Posted by: g.g. | February 19, 2005 at 06:50 AM
Io credo nella liberta` di espressione, inoltre tutto cio` che affermo e` vero. Da una indagine che abbiamo svolto, dal 96 al 2004 l'eta` media delle persone che hanno ottenuto una posizione da ricercatore nel mio Ente e` salita da 31-32 anni a 36. Credo che un invecchiamento del settore della ricerca non faccia bene a nessuno. Credo inoltre che in Italia ci sia poca consapevolezza di cosa significhi fare scienza. Grazie del tuo commento,
Sandra
Posted by: Sandra Leone | February 19, 2005 at 06:54 AM
Se avessero voluto rivalersi sui ricercatori, ormai non ne sarebbe rimasto neanche uno! ;-D La situazione della ricerca da tempo non è proprio rosea, anche se adesso forse dei provvedimenti risanatori andrebbero presi. La scelta per un ricercatore in Italia è comunque l'estero. Ho davanti le esperienze di molti amici, e probabilmente sarà così anche per me. Per Sandra, complimenti per il blog!
Posted by: Marco | February 19, 2005 at 11:30 AM
Grazie a te per la risposta. E per il blog.

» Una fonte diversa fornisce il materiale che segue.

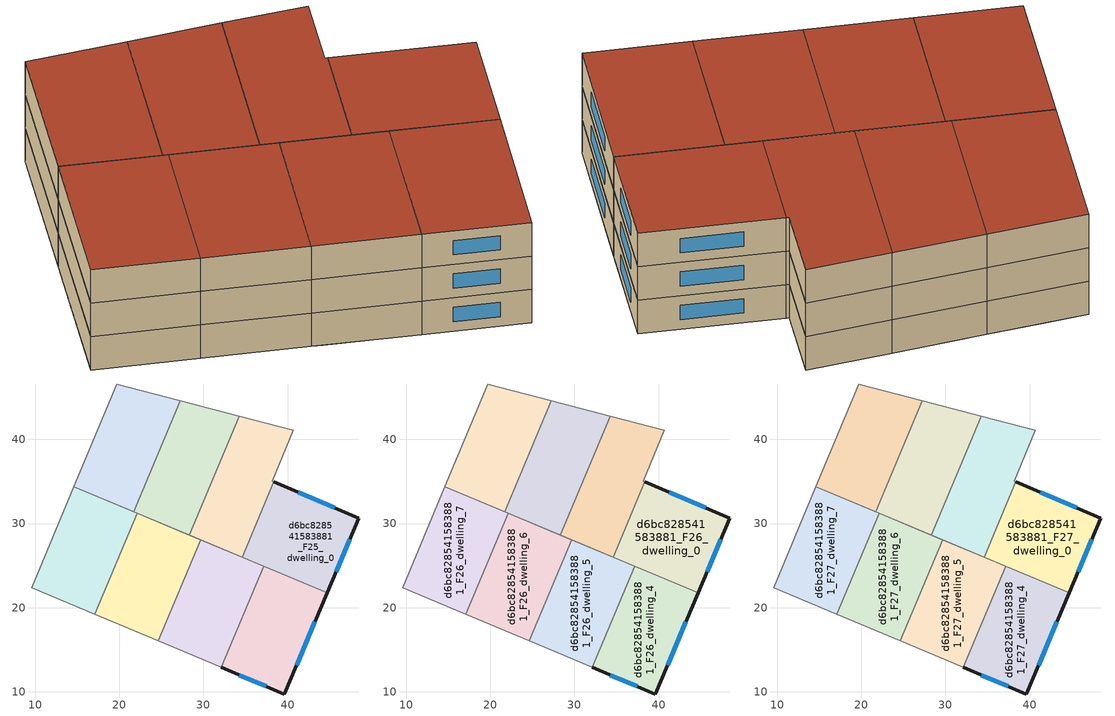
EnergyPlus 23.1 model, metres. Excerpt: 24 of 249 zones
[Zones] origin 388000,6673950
d6bc828541583881_F25_dwelling_0
 floor to d6bc828541583881_F24_dwelling_1 (EU_floor_Construction): 48.48,30.64 44.72,21.74 37.04,24.97 40.8,33.91 z75
 floor adiabatic (EU_floor_Construction): 40.8,33.91 37.04,24.97 34.6,25.99 38.36,34.95 z75
 wall outside (EU_wall_Construction): 44.72,21.74 48.48,30.64 38.36,34.95 z75:78
 wall to d6bc828541583881_F25_dwelling_1 (EU_wall_Construction): 38.36,34.95 34.6,25.99 z75:78
 wall to d6bc828541583881_F25_dwelling_4 (EU_wall_Construction): 37.18,24.91 44.72,21.74 z75:78
 wall to d6bc828541583881_F25_dwelling_5 (EU_wall_Construction): 34.6,25.99 37.18,24.91 z75:78
 window (EU_Window_Construction): 45.59,31.87 41.25,33.72 / 45.79,24.28 47.4,28.1 z75.86:77.14
d6bc828541583881_F25_dwelling_1
 floor to d6bc828541583881_F24_dwelling_3 (EU_floor_Construction): 40.7,41.1 38.17,35.03 38.36,34.94 34.68,26.19 30.54,27.93 36.54,42.19 z75
 floor to d6bc828541583881_F24_dwelling_4 (EU_floor_Construction): 30.88,28.73 30.46,27.73 28.32,28.63 28.74,29.63 z75
 floor to d6bc828541583881_F24_dwelling_2 (EU_floor_Construction): 34.68,26.19 34.6,25.99 30.46,27.73 30.54,27.93 z75
 floor to d6bc828541583881_F24_dwelling_5 (EU_floor_Construction): 36.54,42.19 30.88,28.73 28.74,29.63 34.27,42.78 z75
 wall adiabatic (EU_wall_Construction): 38.36,34.95 38.17,35.03 40.7,41.1 34.27,42.78 / 28.32,28.63 34.6,25.99 z75:78
 wall to d6bc828541583881_F25_dwelling_2 (EU_wall_Construction): 34.27,42.78 28.32,28.63 z75:78
d6bc828541583881_F25_dwelling_2
 floor to d6bc828541583881_F24_dwelling_5 (EU_floor_Construction): 34.27,42.78 28.74,29.63 24.71,31.32 29.99,43.9 z75
 floor to d6bc828541583881_F24_dwelling_7 (EU_floor_Construction): 29.99,43.9 24.52,30.87 21.94,31.96 27.26,44.61 z75
 floor to d6bc828541583881_F24_dwelling_4 (EU_floor_Construction): 28.74,29.63 28.32,28.63 24.29,30.33 24.71,31.32 z75
 floor adiabatic (EU_floor_Construction): 24.52,30.87 24.29,30.33 21.71,31.41 21.94,31.96 z75
 wall adiabatic (EU_wall_Construction): 21.71,31.41 28.32,28.63 / 34.27,42.78 27.26,44.61 z75:78
 wall to d6bc828541583881_F25_dwelling_3 (EU_wall_Construction): 27.26,44.61 21.71,31.41 z75:78
d6bc828541583881_F25_dwelling_3
 floor to d6bc828541583881_F24_dwelling_7 (EU_floor_Construction): 27.26,44.61 21.94,31.96 18.12,33.56 23.21,45.67 z75
 floor adiabatic (EU_floor_Construction): 23.21,45.67 18.12,33.56 21.94,31.96 21.71,31.41 14.6,34.4 19.69,46.59 z75
 wall adiabatic (EU_wall_Construction): 27.26,44.61 19.69,46.59 14.6,34.4 21.71,31.41 z75:78
d6bc828541583881_F25_dwelling_4
 floor to d6bc828541583881_F24_dwelling_0 (EU_floor_Construction): 44.07,20.21 39.64,9.73 32.13,12.88 36.54,23.37 z75
 floor to d6bc828541583881_F24_dwelling_1 (EU_floor_Construction): 44.72,21.74 44.07,20.21 36.54,23.37 37.18,24.91 z75
 wall outside (EU_wall_Construction): 32.13,12.88 39.64,9.73 44.72,21.74 z75:78
 wall to d6bc828541583881_F25_dwelling_5 (EU_wall_Construction): 37.18,24.91 32.13,12.88 z75:78
 window (EU_Window_Construction): 41.09,13.16 43.27,18.31 / 34.27,11.98 37.49,10.63 z75.86:77.14
d6bc828541583881_F25_dwelling_5
 floor to d6bc828541583881_F24_dwelling_2 (EU_floor_Construction): 37.04,24.97 31.99,12.94 25.41,15.71 30.46,27.73 z75
 floor to d6bc828541583881_F24_dwelling_1 (EU_floor_Construction): 37.18,24.91 36.54,23.37 36.39,23.43 37.04,24.97 z75
 floor to d6bc828541583881_F24_dwelling_4 (EU_floor_Construction): 30.46,27.73 25.41,15.71 24.61,16.04 29.66,28.07 z75
 floor to d6bc828541583881_F24_dwelling_0 (EU_floor_Construction): 36.54,23.37 32.13,12.88 31.99,12.94 36.39,23.43 z75
 wall adiabatic (EU_wall_Construction): 24.61,16.04 32.13,12.88 / 34.6,25.99 29.66,28.07 z75:78
 wall to d6bc828541583881_F25_dwelling_6 (EU_wall_Construction): 29.66,28.07 24.61,16.04 z75:78
d6bc828541583881_F25_dwelling_6
 floor to d6bc828541583881_F24_dwelling_4 (EU_floor_Construction): 29.66,28.07 24.61,16.04 19.23,18.3 24.29,30.33 z75
 floor to d6bc828541583881_F24_dwelling_6 (EU_floor_Construction): 22.73,26.62 19.23,18.3 17.09,19.21 20.58,27.53 z75
 floor to d6bc828541583881_F24_dwelling_8 (EU_floor_Construction): 24.29,30.33 22.73,26.62 20.58,27.53 22.14,31.23 z75
 wall adiabatic (EU_wall_Construction): 17.09,19.21 24.61,16.04 / 29.66,28.07 22.14,31.23 z75:78
 wall to d6bc828541583881_F25_dwelling_7 (EU_wall_Construction): 22.14,31.23 17.09,19.21 z75:78
d6bc828541583881_F25_dwelling_7
 floor to d6bc828541583881_F24_dwelling_6 (EU_floor_Construction): 20.58,27.53 17.09,19.21 9.58,22.36 13.06,30.69 z75
 floor to d6bc828541583881_F24_dwelling_8 (EU_floor_Construction): 22.14,31.23 20.58,27.53 13.06,30.69 14.6,34.4 z75
 wall adiabatic (EU_wall_Construction): 22.14,31.23 14.6,34.4 9.58,22.36 17.09,19.21 z75:78
d6bc828541583881_F26_dwelling_0
 floor to d6bc828541583881_F25_dwelling_0 (EU_floor_Construction): 48.48,30.64 44.72,21.74 34.6,25.99 38.36,34.95 z78
 wall outside (EU_wall_Construction): 44.72,21.74 48.48,30.64 38.36,34.95 z78:81
 wall to d6bc828541583881_F26_dwelling_1 (EU_wall_Construction): 38.36,34.95 34.6,25.99 z78:81
 wall to d6bc828541583881_F26_dwelling_4 (EU_wall_Construction): 37.18,24.91 44.72,21.74 z78:81
 wall to d6bc828541583881_F26_dwelling_5 (EU_wall_Construction): 34.6,25.99 37.18,24.91 z78:81
 window (EU_Window_Construction): 45.59,31.87 41.25,33.72 / 45.79,24.28 47.4,28.1 z78.86:80.14
d6bc828541583881_F26_dwelling_1
 floor to d6bc828541583881_F25_dwelling_1 (EU_floor_Construction): 40.7,41.1 38.17,35.03 38.36,34.95 34.6,25.99 28.32,28.63 34.27,42.78 z78
 wall adiabatic (EU_wall_Construction): 38.36,34.95 38.17,35.03 40.7,41.1 34.27,42.78 / 28.32,28.63 34.6,25.99 z78:81
 wall to d6bc828541583881_F26_dwelling_2 (EU_wall_Construction): 34.27,42.78 28.32,28.63 z78:81
d6bc828541583881_F26_dwelling_2
 floor to d6bc828541583881_F25_dwelling_2 (EU_floor_Construction): 34.27,42.78 28.32,28.63 21.71,31.41 27.26,44.61 z78
 wall adiabatic (EU_wall_Construction): 21.71,31.41 28.32,28.63 / 34.27,42.78 27.26,44.61 z78:81
 wall to d6bc828541583881_F26_dwelling_3 (EU_wall_Construction): 27.26,44.61 21.71,31.41 z78:81
d6bc828541583881_F26_dwelling_3
 floor to d6bc828541583881_F25_dwelling_3 (EU_floor_Construction): 27.26,44.61 21.71,31.41 14.6,34.4 19.69,46.59 z78
 wall adiabatic (EU_wall_Construction): 27.26,44.61 19.69,46.59 14.6,34.4 21.71,31.41 z78:81
d6bc828541583881_F26_dwelling_4
 floor to d6bc828541583881_F25_dwelling_4 (EU_floor_Construction): 44.72,21.74 39.64,9.73 32.13,12.88 37.18,24.91 z78
 wall outside (EU_wall_Construction): 32.13,12.88 39.64,9.73 44.72,21.74 z78:81
 wall to d6bc828541583881_F26_dwelling_5 (EU_wall_Construction): 37.18,24.91 32.13,12.88 z78:81
 window (EU_Window_Construction): 41.09,13.16 43.27,18.31 / 34.27,11.98 37.49,10.63 z78.86:80.14
d6bc828541583881_F26_dwelling_5
 floor to d6bc828541583881_F25_dwelling_5 (EU_floor_Construction): 37.18,24.91 32.13,12.88 24.61,16.04 29.66,28.07 z78
 wall adiabatic (EU_wall_Construction): 24.61,16.04 32.13,12.88 / 34.6,25.99 29.66,28.07 z78:81
 wall to d6bc828541583881_F26_dwelling_6 (EU_wall_Construction): 29.66,28.07 24.61,16.04 z78:81
d6bc828541583881_F26_dwelling_6
 floor to d6bc828541583881_F25_dwelling_6 (EU_floor_Construction): 29.66,28.07 24.61,16.04 17.09,19.21 22.14,31.23 z78
 wall adiabatic (EU_wall_Construction): 17.09,19.21 24.61,16.04 / 29.66,28.07 22.14,31.23 z78:81
 wall to d6bc828541583881_F26_dwelling_7 (EU_wall_Construction): 22.14,31.23 17.09,19.21 z78:81
d6bc828541583881_F26_dwelling_7
 floor to d6bc828541583881_F25_dwelling_7 (EU_floor_Construction): 22.14,31.23 17.09,19.21 9.58,22.36 14.6,34.4 z78
 wall adiabatic (EU_wall_Construction): 22.14,31.23 14.6,34.4 9.58,22.36 17.09,19.21 z78:81
d6bc828541583881_F27_dwelling_0
 floor to d6bc828541583881_F26_dwelling_0 (EU_floor_Construction): 48.48,30.64 44.72,21.74 34.6,25.99 38.36,34.95 z81
 wall outside (EU_wall_Construction): 44.72,21.74 48.48,30.64 38.36,34.95 z81:84
 wall to d6bc828541583881_F27_dwelling_1 (EU_wall_Construction): 38.36,34.95 34.6,25.99 z81:84
 wall to d6bc828541583881_F27_dwelling_4 (EU_wall_Construction): 37.18,24.91 44.72,21.74 z81:84
 wall to d6bc828541583881_F27_dwelling_5 (EU_wall_Construction): 34.6,25.99 37.18,24.91 z81:84
 window (EU_Window_Construction): 45.59,31.87 41.25,33.72 / 45.79,24.28 47.4,28.1 z81.86:83.14
 roof outside (EU_roof_Construction): 44.72,21.74 48.48,30.64 38.36,34.95 34.6,25.99 z84
d6bc828541583881_F27_dwelling_1
 floor to d6bc828541583881_F26_dwelling_1 (EU_floor_Construction): 40.7,41.1 38.17,35.03 38.36,34.95 34.6,25.99 28.32,28.63 34.27,42.78 z81
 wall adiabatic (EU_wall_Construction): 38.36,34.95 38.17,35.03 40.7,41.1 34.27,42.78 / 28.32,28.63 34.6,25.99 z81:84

Posted by: gattostanco | February 19, 2005 at 06:08 PM
Il mercato del lavoro sta cambiando e lentamente si dovrebbe avere una visione diversa del proprio ruolo. Però la ricerca dovrebbe restarne fuori, aumentando l'accesso e garantendo la continuità dell'impegno. Un ricercatore assunto con un contratto a progetto di un anno si trova a dover scegliere tra un percorso breve di ricerca da esaurire in fretta oppure a non vedersi rifinanziato. Credo che poi nella pratica sia così, giusto?
Posted by: Diego | February 20, 2005 at 02:20 AM
come posso cominciare a capire qualcosa del vostro mondo della fisica? ci sono delle pubblicazioni divulgative accessibili? sono molto interessato alla teoria della relatività perchè credo che potrebbe avere delle applicazioni anche in economia. grazie
Posted by: orazio leonardi | February 22, 2005 at 01:06 PM
Dipende da quello che ti interessa in particolare. La tua richiesta e' un po' vaga. Un bel libro che parla anche di relativita` e' "Sottile e` il signore" di Abraham Pais: la biografia di Einstein scritta da un fisico. Analizza tutta la produzione scientifica di Einstein con uno stile mi sembra abastanza comprensibile. Se hai qualche richiesta piu' precisa posso darti indicazioni piu' precise.